Data extracted from a collection:

◇ ◇ ◇

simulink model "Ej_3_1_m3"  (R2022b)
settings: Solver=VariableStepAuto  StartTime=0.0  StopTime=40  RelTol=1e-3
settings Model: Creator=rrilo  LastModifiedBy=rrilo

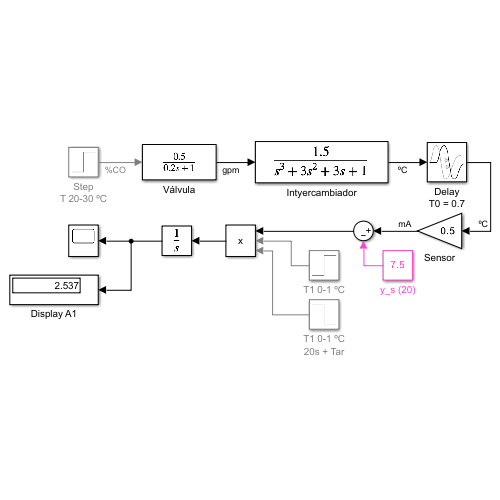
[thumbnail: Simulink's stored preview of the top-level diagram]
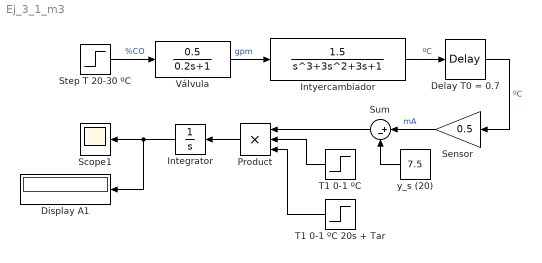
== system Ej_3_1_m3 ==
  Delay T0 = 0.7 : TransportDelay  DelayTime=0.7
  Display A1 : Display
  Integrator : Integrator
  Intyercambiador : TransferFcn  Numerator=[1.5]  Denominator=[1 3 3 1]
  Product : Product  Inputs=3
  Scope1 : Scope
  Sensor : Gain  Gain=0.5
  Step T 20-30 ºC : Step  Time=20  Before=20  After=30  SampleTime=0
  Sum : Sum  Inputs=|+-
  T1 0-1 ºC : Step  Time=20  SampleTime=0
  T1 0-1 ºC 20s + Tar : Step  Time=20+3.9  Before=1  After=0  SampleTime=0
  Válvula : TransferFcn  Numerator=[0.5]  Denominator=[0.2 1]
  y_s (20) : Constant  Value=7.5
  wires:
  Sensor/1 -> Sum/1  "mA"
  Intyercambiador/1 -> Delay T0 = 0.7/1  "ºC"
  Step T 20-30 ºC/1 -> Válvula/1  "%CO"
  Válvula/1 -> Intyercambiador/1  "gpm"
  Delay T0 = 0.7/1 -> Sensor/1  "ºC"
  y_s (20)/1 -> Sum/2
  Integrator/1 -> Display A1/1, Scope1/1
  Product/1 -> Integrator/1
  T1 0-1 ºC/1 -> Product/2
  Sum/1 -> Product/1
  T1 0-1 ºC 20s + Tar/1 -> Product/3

◇ ◇ ◇

* EXERCISE DIRECTIONS *
From the line containing "T1 0-1 ºC/1 -> Product/2" down to the last line, reproduce the records exactly. Include both ends.

* COMPLETED EXERCISE *
  T1 0-1 ºC/1 -> Product/2
  Sum/1 -> Product/1
  T1 0-1 ºC 20s + Tar/1 -> Product/3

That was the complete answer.